In the case of demographic grouping variables and a single numeric variables, resesearchers use a t-test which is calculated as

\[t = \frac{\bar x_1 - \bar x_2}{SE}\]

where the standard error is

\[SE = \sqrt{\frac{s_1^2}{n_1-1}+\frac{s_2^2}{n_2-2}}\]

We can create a couple simple functions for the standard error and degrees of freedom.

# Standard error for two sample t-test.
def se_t2(array1,array2):
    s1 = np.std(array1)
    s2 = np.std(array2)
    n1 = len(array1)
    n2 = len(array2)
    return np.sqrt(s1**2 / n1 + s2**2 / n2)

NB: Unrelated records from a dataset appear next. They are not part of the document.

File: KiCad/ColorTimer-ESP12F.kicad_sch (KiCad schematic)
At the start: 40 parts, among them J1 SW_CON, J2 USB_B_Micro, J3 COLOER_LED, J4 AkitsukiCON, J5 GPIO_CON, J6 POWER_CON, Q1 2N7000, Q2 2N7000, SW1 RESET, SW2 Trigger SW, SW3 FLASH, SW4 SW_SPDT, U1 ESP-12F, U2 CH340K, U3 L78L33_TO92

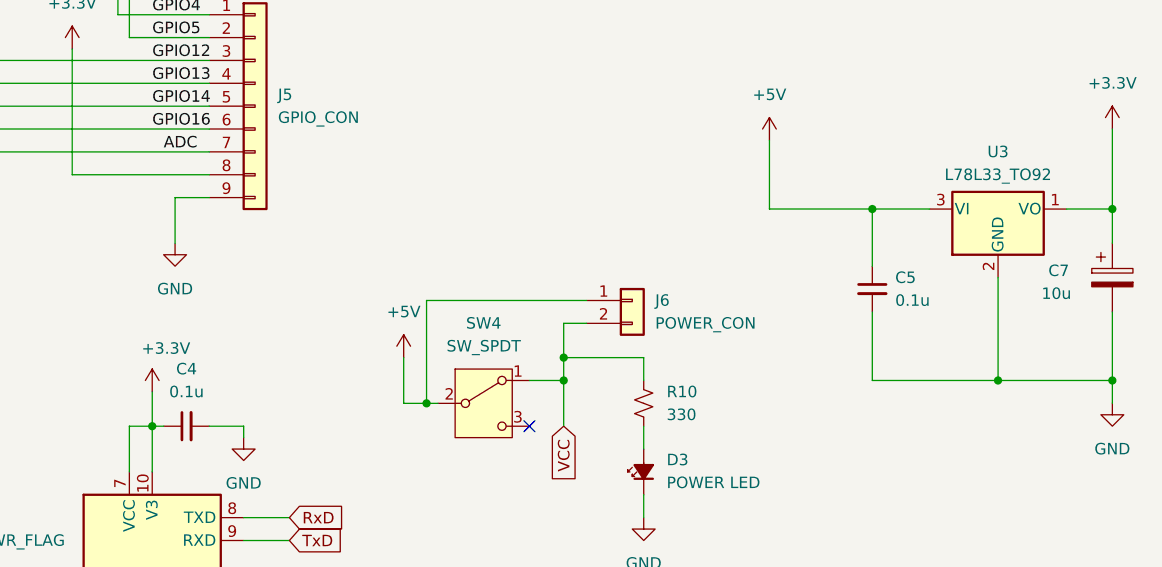
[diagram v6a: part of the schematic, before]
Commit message: コンデンサ等調整、AE-USB^MICRO-Bフットプリント追加
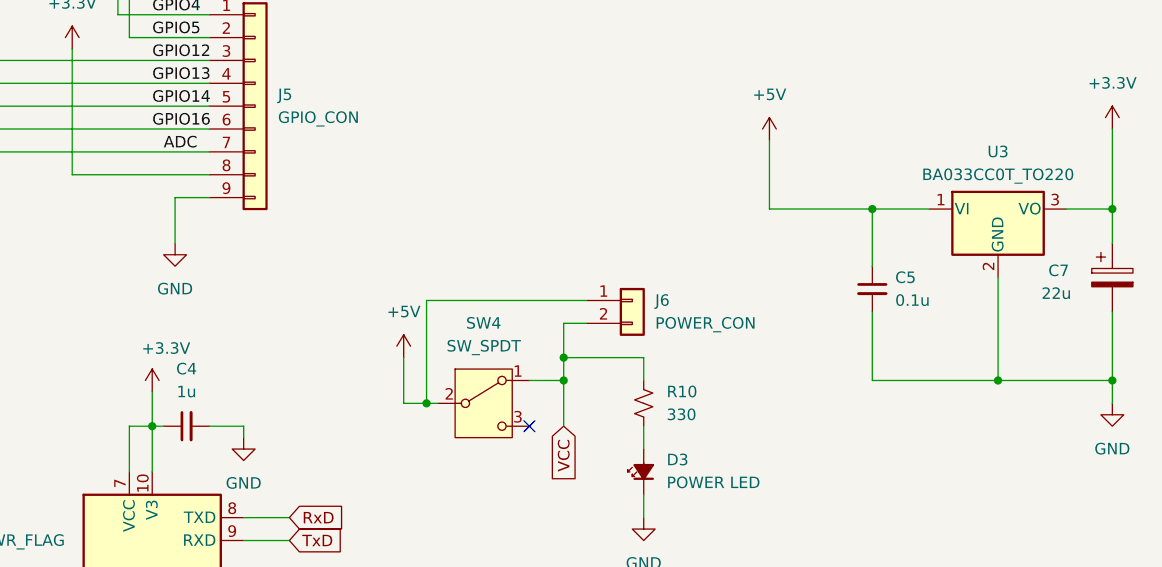
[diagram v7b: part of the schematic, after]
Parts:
- removed U3: L78L33_TO92, Package_TO_SOT_THT:TO-92_Inline_Wide, symbol Regulator_Linear:L78L33_TO92
- added U3: BA033CC0T_TO220, Package_TO_SOT_THT:TO-220-3_Vertical, symbol Regulator_Linear:LM7805_TO220
- C4: value 0.1u -> 1u
- C7: value 10u -> 22u
- J4: footprint Connector_PinSocket_2.54mm:PinSocket_1x05_P2.54mm_Vertical -> AE:AE-USB-MICRO-B-D
- Q1, Q2: footprint Package_TO_SOT_THT:TO-92_Inline -> Package_TO_SOT_THT:TO-92_Inline_Wide
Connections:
- net +3.3V: now also U3.3 (VO)
- net +5V: now also U3.1 (VI)
- net GND: now also U3.2 (GND)
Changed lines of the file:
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@@
+	)
+	(symbol
+		(lib_id "Regulator_Linear:LM7805_TO220")
+		(at 240.03 111.76 0)
+		(unit 1)
+		(exclude_from_sim no)
+		(in_bom yes)
+		(on_board yes)
+		(dnp no)
+		(fields_autoplaced yes)
+		(property "Reference" "U3"
+			(at 240.03 105.41 0)
+			(effects
+				(font
+					(size 1.27 1.27)
+				)
+			)
+		)
+		(property "Value" "BA033CC0T_TO220"
+			(at 240.03 107.95 0)
+			(effects
+				(font
+					(size 1.27 1.27)
+				)
+			)
+		)
+		(property "Footprint" "Package_TO_SOT_THT:TO-220-3_Vertical"
+			(at 240.03 106.045 0)
+			(effects
+				(font
+					(size 1.27 1.27)
+					(italic yes)
+				)
+				(hide yes)
+			)
+		)
+		(property "Datasheet" "https://www.onsemi.cn/PowerSolutions/document/MC7800-D.PDF"
+			(at 240.03 113.03 0)
+			(effects
+				(font
+					(size 1.27 1.27)
+				)
+				(hide yes)
+			)
+		)
+		(property "Description" "Positive 1A 35V Linear Regulator, Fixed Output 5V, TO-220"
+			(at 240.03 111.76 0)
+			(effects
+				(font
+					(size 1.27 1.27)
+				)
+				(hide yes)
+			)
+		)
+		(pin "1"
+		)
+		(pin "3"
+		)
+		(pin "2"
+		)
+		(instances
+			(project ""
+				(path "/3ff58839-42d9-41e5-8791-30721827b8bc"
+					(reference "U3")
+					(unit 1)
+				)
+			)
+		)
 	)
 	(symbol
@@
 			)
 		)
-		(property "Value" "0.1u"
+		(property "Value" "1u"
 			(at 149.8663 132.08 90)
 			(effects
@@
 	)
 	(symbol
-		(lib_id "Regulator_Linear:L78L33_TO92")
-		(at 240.03 111.76 0)
-		(unit 1)
-		(exclude_from_sim no)
-		(in_bom yes)
-		(on_board yes)
-		(dnp no)
-		(fields_autoplaced yes)
-		(property "Reference" "U3"
-			(at 240.03 105.41 0)
-			(effects
-				(font
-					(size 1.27 1.27)
-				)
-			)
-		)
-		(property "Value" "L78L33_TO92"
-			(at 240.03 107.95 0)
-			(effects
-				(font
-					(size 1.27 1.27)
-				)
-			)
-		)
-		(property "Footprint" "Package_TO_SOT_THT:TO-92_Inline_Wide"
-			(at 240.03 106.045 0)
-			(effects
-				(font
-					(size 1.27 1.27)
-					(italic yes)
-				)
-				(hide yes)
-			)
-		)
-		(property "Datasheet" "http://www.st.com/content/ccc/resource/technical/document/datasheet/15/55/e5/aa/23/5b/43/fd/CD00000446.pdf/files/CD00000446.pdf/jcr:content/translations/en.CD00000446.pdf"
-			(at 240.03 113.03 0)
-			(effects
-				(font
-					(size 1.27 1.27)
-				)
-				(hide yes)
-			)
-		)
-		(property "Description" "Positive 100mA 30V Linear Regulator, Fixed Output 3.3V, TO-92"
-			(at 240.03 111.76 0)
-			(effects
-				(font
-					(size 1.27 1.27)
-				)
-				(hide yes)
-			)
-		)
-		(pin "3"
-		)
-		(pin "2"
-		)
-		(pin "1"
-		)
-		(instances
-			(project ""
-				(path "/3ff58839-42d9-41e5-8791-30721827b8bc"
-					(reference "U3")
-					(unit 1)
-				)
-			)
-		)
-	)
-	(symbol
 		(lib_id "Device:R_Small_US")
 		(at 200.66 133.35 180)
@@
 			)
 		)
-		(property "Footprint" "Connector_PinSocket_2.54mm:PinSocket_1x05_P2.54mm_Vertical"
+		(property "Footprint" "AE:AE-USB-MICRO-B-D"
 			(at 134.62 182.88 0)
 			(effects
@@
 			)
 		)
-		(property "Footprint" "Package_TO_SOT_THT:TO-92_Inline"
+		(property "Footprint" "Package_TO_SOT_THT:TO-92_Inline_Wide"
 			(at 218.44 48.895 0)
 			(effects
@@
 			)
 		)
-		(property "Footprint" "Package_TO_SOT_THT:TO-92_Inline"
+		(property "Footprint" "Package_TO_SOT_THT:TO-92_Inline_Wide"
 			(at 218.44 62.865 0)
 			(effects
@@
 			)
 		)
-		(property "Value" "10u"
+		(property "Value" "22u"
 			(at 244.856 121.158 0)
 			(effects

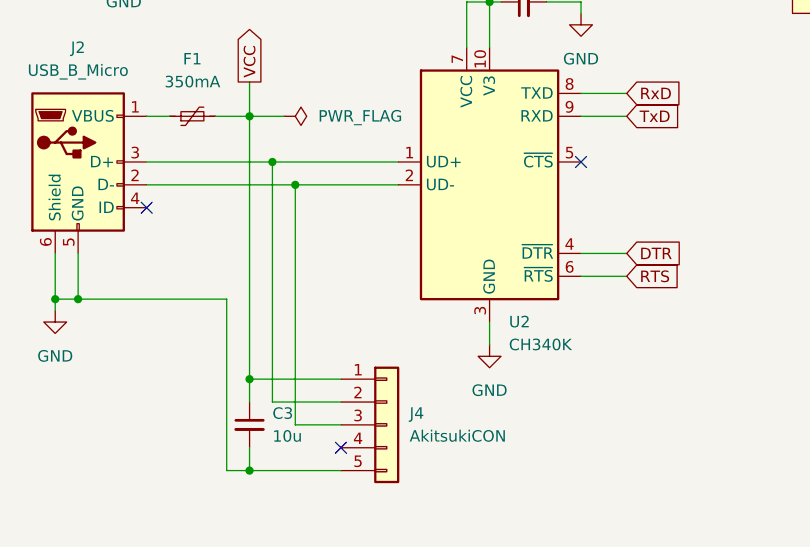
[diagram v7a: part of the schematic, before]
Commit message: 回路間違い修正 & ガーバー出力
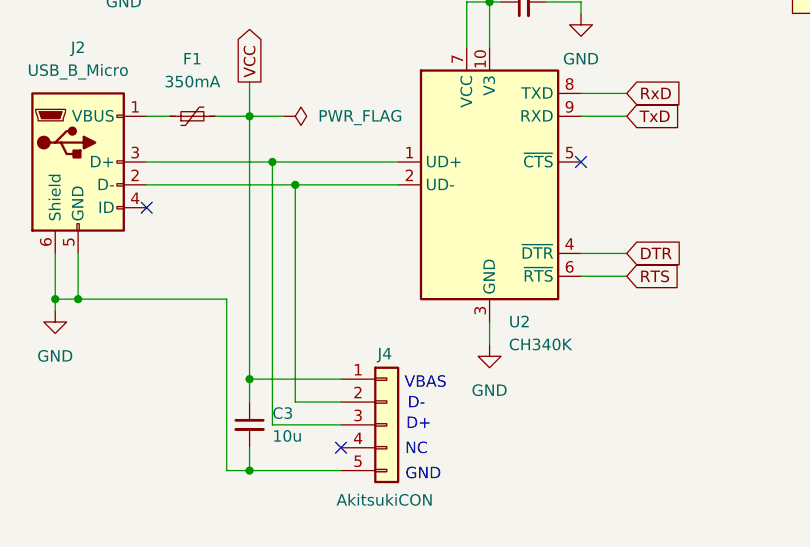
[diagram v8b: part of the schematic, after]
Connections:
- net at J2.3 (D+), U2.1 (UD+): now also J4.3 (Pin_3); no longer J4.2 (Pin_2)
- net at J2.2 (D-), U2.2 (UD-): now also J4.2 (Pin_2); no longer J4.3 (Pin_3)
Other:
- note added: "D+"
- note added: "D-"
- note added: "GND"
- note added: "NC"
- note added: "VBAS"
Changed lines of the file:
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@@
 		(comment 4 "ESP-12FモジュールにCH340K経由のシリアル書き込み回路を追加したもの")
 	)
+	(text "GND"
+		(exclude_from_sim no)
+		(at 138.684 188.468 0)
+		(effects
+			(font
+				(size 1.27 1.27)
+			)
+		)
+	)
+	(text "D-"
+		(exclude_from_sim no)
+		(at 137.922 180.594 0)
+		(effects
+			(font
+				(size 1.27 1.27)
+			)
+		)
+	)
+	(text "NC"
+		(exclude_from_sim no)
+		(at 137.922 185.674 0)
+		(effects
+			(font
+				(size 1.27 1.27)
+			)
+		)
+	)
+	(text "D+"
+		(exclude_from_sim no)
+		(at 138.176 182.88 0)
+		(effects
+			(font
+				(size 1.27 1.27)
+			)
+		)
+	)
+	(text "VBAS"
+		(exclude_from_sim no)
+		(at 138.938 178.308 0)
+		(effects
+			(font
+				(size 1.27 1.27)
+			)
+		)
+	)
 	(junction
 		(at 91.44 95.25)
@@
 	(wire
 		(pts
+			(xy 121.92 153.67) (xy 121.92 182.88)
+		)
+		(stroke
+			(width 0)
+			(type default)
+		)
+	)
+	(wire
+		(pts
 			(xy 93.98 52.07) (xy 76.2 52.07)
 		)
@@
 	(wire
 		(pts
-			(xy 124.46 156.21) (xy 124.46 182.88)
+			(xy 124.46 156.21) (xy 124.46 180.34)
 		)
 		(stroke
@@
 	(wire
 		(pts
-			(xy 121.92 153.67) (xy 121.92 180.34)
-		)
-		(stroke
-			(width 0)
-			(type default)
-		)
-	)
-	(wire
-		(pts
 			(xy 149.86 57.15) (xy 160.02 57.15)
 		)
@@
 	(wire
 		(pts
-			(xy 121.92 180.34) (xy 129.54 180.34)
-		)
-		(stroke
-			(width 0)
-			(type default)
-		)
-	)
-	(wire
-		(pts
 			(xy 104.14 86.36) (xy 140.97 86.36)
 		)
@@
 	(wire
 		(pts
-			(xy 124.46 182.88) (xy 129.54 182.88)
-		)
-		(stroke
-			(width 0)
-			(type default)
-		)
-	)
-	(wire
-		(pts
 			(xy 93.98 62.23) (xy 88.9 62.23)
 		)
@@
 	(wire
 		(pts
+			(xy 121.92 182.88) (xy 129.54 182.88)
+		)
+		(stroke
+			(width 0)
+			(type default)
+		)
+	)
+	(wire
+		(pts
 			(xy 139.7 59.69) (xy 157.48 59.69)
 		)
@@
 	(wire
 		(pts
+			(xy 124.46 180.34) (xy 129.54 180.34)
+		)
+		(stroke
+			(width 0)
+			(type default)
+		)
+	)
+	(wire
+		(pts
 			(xy 187.96 130.81) (xy 191.77 130.81)
 		)
@@
 		(on_board yes)
 		(dnp no)
-		(fields_autoplaced yes)
 		(property "Reference" "J4"
-			(at 137.16 181.6099 0)
+			(at 133.604 175.006 0)
 			(effects
 				(font
@@
 		)
 		(property "Value" "AkitsukiCON"
-			(at 137.16 184.1499 0)
+			(at 129.032 191.262 0)
 			(effects
 				(font

# The simplest calculation of degrees of freedom for two sample t-test.
def df_t2(array1,array2):
    n1 = len(array1)
    n2 = len(array2)
    return n1 + n2 - 2

# The t-test.
def t2(array1,array2):
    se = se_t2(array1, array2)
    df = df_t2(array1, array2)
    t_stat = ( np.average(array1) - np.average(array2) ) / se_t2(array1,array2)
    p_val = t.pdf(t_stat, df)
    print('t = ',t_stat)
    print('p = ', p_val)

Creating arrays for Caff variable using G21 grouping and Sex grouping

caff_older = sleep.where('G21',"Y").column('Caff')
caff_younger = sleep.where('G21',"N").column('Caff')
caff_males =  sleep.where('Sex','M').column('Caff')
caff_females =  sleep.where('Sex','F').column('Caff')

\(t\)-tests for Caffeine differences

t2(caff_older,caff_younger)
t =  1.7169471147297453
p =  0.09167664854249422
t2(caff_males,caff_females)
t =  -0.056769284539958484
p =  0.39751164090201024

We find a significant difference based on age (\(\alpha = 0.05\)) but not based on gender.

Creating arrays for Sleep variable using G21 grouping and Sex grouping

sleep_older = sleep.where('G21',"Y").column('Sleep')
sleep_younger = sleep.where('G21',"N").column('Sleep')
sleep_males =  sleep.where('Sex','M').column('Sleep')
sleep_females =  sleep.where('Sex','F').column('Sleep')
t2(sleep_older,sleep_younger)
t =  -1.9094401393859386
p =  0.06506537683749603
t2(sleep_males,sleep_females)
t =  -0.32350966692241356
p =  0.37771074891761297

As with caffeine, we find a significant difference in sleep based on age (\(\alpha = 0.05\)) but not based on gender.